DESCRIPTION OF THE TASK = Tally the lines below that contain "Feed" and reply with only the tally.

--------------------------------

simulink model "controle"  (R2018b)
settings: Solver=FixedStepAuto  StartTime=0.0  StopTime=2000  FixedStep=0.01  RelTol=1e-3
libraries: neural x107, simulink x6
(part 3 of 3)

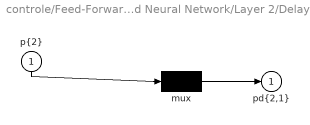
== system controle/Feed-Forward Neural Network/Layer 2/Delays 1 ==
  "p{2}" : Inport  PortDimensions=100
      mask Display: e = 0.06;c1 = [120 230 180]/255;c2 = ([120 230 180]+0)/(256+128);c3 = ([120 230 180]+128)/(256+128);patch([0 1 1 0],[0 0 1 1],c1);patch([0 1 1 1-e 1-e 0+e],[0 0 1 1-e 0+e 0+e],c2);patch([0 0 1 1-e 0+e 0+e],[0 1 1 1-e 1-e 0+e],c3);plot([0 1 1 0 0],[0 0 1 1 0]);
  mux : Mux  Inputs=1
      mask Display: e = 0.06;c1 = [120 150 230]/255;c2 = ([120 150 230]+0)/383;c3 = ([120 150 230]+128)/383;patch([0 1 1 0],[0 0 1 1],c1);patch([0 1 1 1-e 1-e 0+e],[0 0 1 1-e 0+e 0+e],c2);patch([0 0 1 1-e 0+e 0+e],[0 1 1 1-e 1-e 0+e],c3);plot([0 1 1 0 0],[0 0 1 1 0]);disp('Mux')
  "pd{2,1}" : Outport
      mask Display: e = 0.06;c1 = [120 230 180]/255;c2 = ([120 230 180]+0)/(256+128);c3 = ([120 230 180]+128)/(256+128);patch([0 1 1 0],[0 0 1 1],c1);patch([0 1 1 1-e 1-e 0+e],[0 0 1 1-e 0+e 0+e],c2);patch([0 0 1 1-e 0+e 0+e],[0 1 1 1-e 1-e 0+e],c3);plot([0 1 1 0 0],[0 0 1 1 0]);
  wires:
  mux/1 -> "pd{2,1}"/1
  "p{2}"/1 -> mux/1

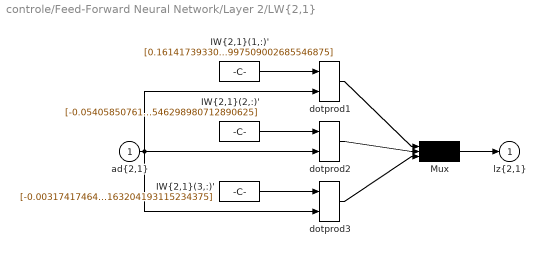
== system controle/Feed-Forward Neural Network/Layer 2/LW{2,1} ==
  "ad{2,1}" : Inport  PortDimensions=100
      mask Display: e = 0.06;c1 = [120 230 180]/255;c2 = ([120 230 180]+0)/(256+128);c3 = ([120 230 180]+128)/(256+128);patch([0 1 1 0],[0 0 1 1],c1);patch([0 1 1 1-e 1-e 0+e],[0 0 1 1-e 0+e 0+e],c2);patch([0 0 1 1-e 0+e 0+e],[0 1 1 1-e 1-e 0+e],c3);plot([0 1 1 0 0],[0 0 1 1 0]);
  "IW{2,1}(1,:)'" : Constant  Value=[0.1614173933052516496378103738607023842632770538330078125;0.391686413749836537245840872856206260621547698974609375;-0.01536981768681838951551288374730575014837086200714111328125;0.008140070097598921250448000819233129732310771942138671875;-0.045034890304621440215715466592882876284420490264892578125;-0.0162193774226591265474883840624897857196629047393798828125;-0.0967741990651240502341323690416174940764904022216796875;0.1823605603769521132928588258437230251729488372802734375;-0.062817582074687461357598294853232800960540771484375;0.013379690027190478673890794425460626371204853057861328125;-0.126159713768725867399922435652115382254123687744140625;0.12363073013000593081134326212122687138617038726806640625;0.0160505365768892176159265972046341630630195140838623046875;0.4324374285925689509468838878092356026172637939453125;0.022029375864191520772994437038505566306412220001220703125;0.0015420000649642891243917830479404074139893054962158203125;0.0281087690402712919723882123435032553970813751220703125;-0.042482325403330134516721727777621708810329437255859375;0.45546583141217666934608132578432559967041015625;0.049113755051425921072105751363778836093842983245849609375;-0.0050633144094610893493069170290254987776279449462890625;-0.02459589621085390975796514112516888417303562164306640625;-0.01017291248708471727846269772044252022169530391693115234375;0.02388641108845461491494432948456960730254650115966796875;-0.06152679525950251193666673543702927418053150177001953125;-0.0236091470629717255225177297006666776724159717559814453125;0.07502709079916396184284366199790383689105510711669921875;-0.04137093688499964005966802460534381680190563201904296875;-0.04203226536200065088788591083357459865510463714599609375;0.0344928905339884350755852437941939570009708404541015625;-0.02258934060030663715235021982152829878032207489013671875;-0.0992470166931706809787527845401200465857982635498046875;-0.05797893712215122785647025693833711557090282440185546875;-0.03657698337090810325467060692972154356539249420166015625;-0.033022133771878271757405087782899499870836734771728515625;-0.0746549503524712998459023083341890014708042144775390625;-0.052071131012503886481557202614567358978092670440673828125;-0.26418775001655159240243619933607988059520721435546875;-0.261430603585112830700154518126510083675384521484375;0.0032028353503865173400322330365952439024113118648529052734375;-0.03378473152017770486654768546941340900957584381103515625;-0.03735498722261111625986274020760902203619480133056640625;0.01555075768509141774520454504227018333040177822113037109375;0.042165773470489185947851495939175947569310665130615234375;-0.01213471847319964012912318906955988495610654354095458984375;0.04963758259371701953011069008425693027675151824951171875;0.1109251195215507912461561090822215192019939422607421875;-0.02251733480405891663078676856457605026662349700927734375;-0.1441625637462733144911197769033606164157390594482421875;-0.0188289285991417067178677058336688787676393985748291015625;-0.071689969391736274584303600931889377534389495849609375;-0.0451766764691614586268997300066985189914703369140625;-0.0838385542512379011714784837749903090298175811767578125;-0.0262939378156766927208121131798179703764617443084716796875;-0.0260367572781814889115725719648253289051353931427001953125;0.00928993622120710509093566287219800869934260845184326171875;0.1712010318900571148592604231453151442110538482666015625;0.021318812381570566294453072941905702464282512664794921875;-0.0273554434490133370483366803682656609453260898590087890625;-0.0225375143614320351537205766589977429248392581939697265625;0.057471026941569081092353599160560406744480133056640625;0.0130537233157040875874965735192745341919362545013427734375;0.0913668819460472236837489390381961129605770111083984375;-0.83337272509881776816342835445539094507694244384765625;-0.4490835964222938958556596844573505222797393798828125;-0.391091301389933698740009049288346432149410247802734375;-0.0800137515324721160236975947555038146674633026123046875 ...(+1957 chars)]
      mask Display: e = 0.06;c1 = [120 150 230]/255;c2 = ([120 150 230]+0)/383;c3 = ([120 150 230]+128)/383;patch([0 1 1 0],[0 0 1 1],c1);patch([0 1 1 1-e 1-e 0+e],[0 0 1 1-e 0+e 0+e],c2);patch([0 0 1 1-e 0+e 0+e],[0 1 1 1-e 1-e 0+e],c3);plot([0 1 1 0 0],[0 0 1 1 0]);disp('weights');
  "IW{2,1}(2,:)'" : Constant  Value=[-0.05405850761062981624238688027617172338068485260009765625;-0.469351410280861414126007957747788168489933013916015625;-0.0425055806612881503792067405811394564807415008544921875;0.011816792574272171056914970677098608575761318206787109375;0.0480134335688146840492862565952236764132976531982421875;-0.174808899339953971452388259422150440514087677001953125;-0.036921321129043775666200843943443032912909984588623046875;0.0816839138442352064028995073385885916650295257568359375;-0.090574650712231308258282069800770841538906097412109375;0.025757960762517344288635712246104958467185497283935546875;-0.0152982756645585228627570728576756664551794528961181640625;0.16985075323036868955028921845951117575168609619140625;0.0957315338681934135944828767605940811336040496826171875;-0.85744820692617695900850094403722323477268218994140625;0.050199360726880082328449361739330925047397613525390625;0.00470650745252161779863531165801759925670921802520751953125;0.0839427725116109468839198370915255509316921234130859375;-0.0257292686197341281817418945365716353990137577056884765625;-1.04109457088596446538986128871329128742218017578125;0.041315142439042086552891674955390044488012790679931640625;0.004804121978888226292270235973091985215432941913604736328125;0.09502575938584641168649369546983507461845874786376953125;0.0440776819669836950055241686641238629817962646484375;0.0305928594933899712648983637564015225507318973541259765625;0.0383528989505472761578630525036714971065521240234375;-0.01326819911336427244841207340186883811838924884796142578125;0.053534721573237076253093391642323695123195648193359375;-0.05740842896692292807170332480382057838141918182373046875;-0.004300761694933511077032495251160071347840130329132080078125;0.034396371412033492631632469738178770057857036590576171875;0.0471309965984743062250572620541788637638092041015625;-0.11517475115568269472543505571593414060771465301513671875;0.0567398127430037979568311357070342637598514556884765625;-0.03398175139662577837196266727914917282760143280029296875;-0.0282190826489212183425525637403552536852657794952392578125;-0.002265774557502951702669946598689421080052852630615234375;0.057641093702152250421999468699141289107501506805419921875;0.2482445412412614960118162343860603868961334228515625;-0.0236912479636568196195156588146346621215343475341796875;0.005926939265777308139815371390568543574772775173187255859375;0.04086176077190471767064394725821330212056636810302734375;-0.0116238296875765499682753301158300018869340419769287109375;0.001815021553354689322345993929275209666229784488677978515625;-0.00489846727936237014144893464617780409753322601318359375;2.1243397978745769995312375755247558117844164371490478515625e-05;-0.014859372636858693417227783584166900254786014556884765625;0.05529698545619075866763836302197887562215328216552734375;-0.029851991184863722883502390459398156963288784027099609375;-0.291792580014098190677174216034472920000553131103515625;-0.004710881974836530171335535754906231886707246303558349609375;0.01921561198962389027666830543239484541118144989013671875;-0.0130767677890184265410145059149726876057684421539306640625;0.032881775464514852169717329388731741346418857574462890625;-0.001312553997202886395256893337091241846792399883270263671875;-0.03336813159221778402052649425968411378562450408935546875;0.016264769672934865918367819404011243022978305816650390625;0.1480243676719637802019491346072754822671413421630859375;0.0433295268982549497405187821641447953879833221435546875;-0.0294628865527019334624725388493970967829227447509765625;-0.0186617494646469823937895426979594049043953418731689453125;0.01099464865899938727233919877335210912860929965972900390625;-0.000488348464793256394067544334802732919342815876007080078125;0.0945185519186334255348214128389372490346431732177734375;-0.66899000945319697652990953429252840578556060791015625;-0.39922848817334044557725292179384268820285797119140625;-0.270744978340045017173309815916582010686397552490234375;-0.1225091917072283764778006798223941586911678314208984375 ...(+1952 chars)]
      mask Display: e = 0.06;c1 = [120 150 230]/255;c2 = ([120 150 230]+0)/383;c3 = ([120 150 230]+128)/383;patch([0 1 1 0],[0 0 1 1],c1);patch([0 1 1 1-e 1-e 0+e],[0 0 1 1-e 0+e 0+e],c2);patch([0 0 1 1-e 0+e 0+e],[0 1 1 1-e 1-e 0+e],c3);plot([0 1 1 0 0],[0 0 1 1 0]);disp('weights');
  "IW{2,1}(3,:)'" : Constant  Value=[-0.00317417464995305674546610674724433920346200466156005859375;-0.594203557022984885094274432049132883548736572265625;0.058272002295495506363209869959973730146884918212890625;0.074518725659414031259331068213214166462421417236328125;0.008806279539039167658653894932285766117274761199951171875;0.343101495826379443432330162977450527250766754150390625;0.1278414660550616643863719446017057634890079498291015625;0.0948018636307593476342248095534159801900386810302734375;0.0807954637592410429558498208280070684850215911865234375;-0.0174811255558408283616866896181818447075784206390380859375;0.24840070796241142669913415375049225986003875732421875;0.120873531840177517171497356684994883835315704345703125;-0.101730934343692236421219377007219009101390838623046875;-0.259593837570720353813413794341613538563251495361328125;-0.0212159030958661565247069802353507839143276214599609375;0.000973402192628970881760341882227294263429939746856689453125;-0.127778720464549966351341936388052999973297119140625;-0.00198974462648156789901232599504510289989411830902099609375;-0.1730847456537477346838471703449613414704799652099609375;-0.05862490777655425533421151840229867957532405853271484375;0.04755172495406057020517209821264259517192840576171875;0.004907777624886235090517772050588973797857761383056640625;-0.0036145468115950478427134129333353484980762004852294921875;0.024933808922340705560571905152755789458751678466796875;-0.1485041357202992184927126118054729886353015899658203125;0.0142497215682911397560683752772092702798545360565185546875;-0.10984019245161015521095038138810195960104465484619140625;0.0638320394321995332465036199209862388670444488525390625;0.06545579480268938488141117204577312804758548736572265625;-0.08841537606391376702408280152667430229485034942626953125;-0.1018615323221314372670320835823076777160167694091796875;0.022860474967382297950546643505731481127440929412841796875;-0.0673044986677250045570275460704579018056392669677734375;0.001997409198017600917562930362691986374557018280029296875;0.0158975254934923260208279316429980099201202392578125;0.1451095585843932556091573360390611924231052398681640625;-0.0288567253180988352034841426529965247027575969696044921875;-0.225638754629068516432965907370089553296566009521484375;0.392835211086278224268397707419353537261486053466796875;0.002362439937312554860682212165556848049163818359375;-0.0215714241196658662591545407849480397999286651611328125;0.05028617083451179803343933372161700390279293060302734375;-0.0245076269527397909431254419132528710179030895233154296875;-0.07140809875189442490484026393460226245224475860595703125;-0.000403236063546780101711497490413194100256077945232391357421875;-0.00449186663935896048072127229033867479301989078521728515625;0.058164240929808819213775450407410971820354461669921875;0.0159647293734709073975697180003407993353903293609619140625;-0.259777856072183954694310159538872539997100830078125;0.0644775867171562822033337170068989507853984832763671875;-0.0457515508198112763604825659058406017720699310302734375;0.07315612881064714745349419899866916239261627197265625;0.1240466498040135590041899149582604877650737762451171875;0.003190087716531113393170215886129881255328655242919921875;0.00523446147176048932891934128974753548391163349151611328125;0.08540155710166140445860349927897914312779903411865234375;-0.25170504407930971435547462533577345311641693115234375;-0.04873136884470087581977537638522335328161716461181640625;0.037862724190693648751437905275452067144215106964111328125;0.0247022563484389952315201099963815067894756793975830078125;-0.001908500382908043420393529032708102022297680377960205078125;0.0200219284216452790559070962217447231523692607879638671875;-0.18889184311003781591153938279603607952594757080078125;-0.8122464864022942432342233587405644357204437255859375;-0.395645659022789752956583697596215642988681793212890625;-0.373588419561301510185558072407729923725128173828125;0.1391875506580743937501409845935995690524578094482421875 ...(+1940 chars)]
      mask Display: e = 0.06;c1 = [120 150 230]/255;c2 = ([120 150 230]+0)/383;c3 = ([120 150 230]+128)/383;patch([0 1 1 0],[0 0 1 1],c1);patch([0 1 1 1-e 1-e 0+e],[0 0 1 1-e 0+e 0+e],c2);patch([0 0 1 1-e 0+e 0+e],[0 1 1 1-e 1-e 0+e],c3);plot([0 1 1 0 0],[0 0 1 1 0]);disp('weights');
  Mux : Mux  Inputs=3
      mask Display: e = 0.06;c1 = [120 150 230]/255;c2 = ([120 150 230]+0)/383;c3 = ([120 150 230]+128)/383;patch([0 1 1 0],[0 0 1 1],c1);patch([0 1 1 1-e 1-e 0+e],[0 0 1 1-e 0+e 0+e],c2);patch([0 0 1 1-e 0+e 0+e],[0 1 1 1-e 1-e 0+e],c3);plot([0 1 1 0 0],[0 0 1 1 0]);disp('Mux');
  dotprod1 : neural/Weight Functions/dotprod
  dotprod2 : neural/Weight Functions/dotprod
  dotprod3 : neural/Weight Functions/dotprod
  "lz{2,1}" : Outport
      mask Display: e = 0.06;c1 = [120 230 180]/255;c2 = ([120 230 180]+0)/(256+128);c3 = ([120 230 180]+128)/(256+128);patch([0 1 1 0],[0 0 1 1],c1);patch([0 1 1 1-e 1-e 0+e],[0 0 1 1-e 0+e 0+e],c2);patch([0 0 1 1-e 0+e 0+e],[0 1 1 1-e 1-e 0+e],c3);plot([0 1 1 0 0],[0 0 1 1 0]);
  wires:
  Mux/1 -> "lz{2,1}"/1
  dotprod3/1 -> Mux/3
  "IW{2,1}(3,:)'"/1 -> dotprod3/1
  dotprod2/1 -> Mux/2
  "IW{2,1}(2,:)'"/1 -> dotprod2/1
  dotprod1/1 -> Mux/1
  "ad{2,1}"/1 -> dotprod3/2, dotprod2/2, dotprod1/2
  "IW{2,1}(1,:)'"/1 -> dotprod1/1

== matlab function controle/camera ==
  data: input input; x output; output input; y output; z output
function [x,y,z] = camera(input, output)
x = input(1) - output(1);
y = input(2) - output(2);
z = input(3) - output(3);
end

--------------------------------

FINISHED TASK = 2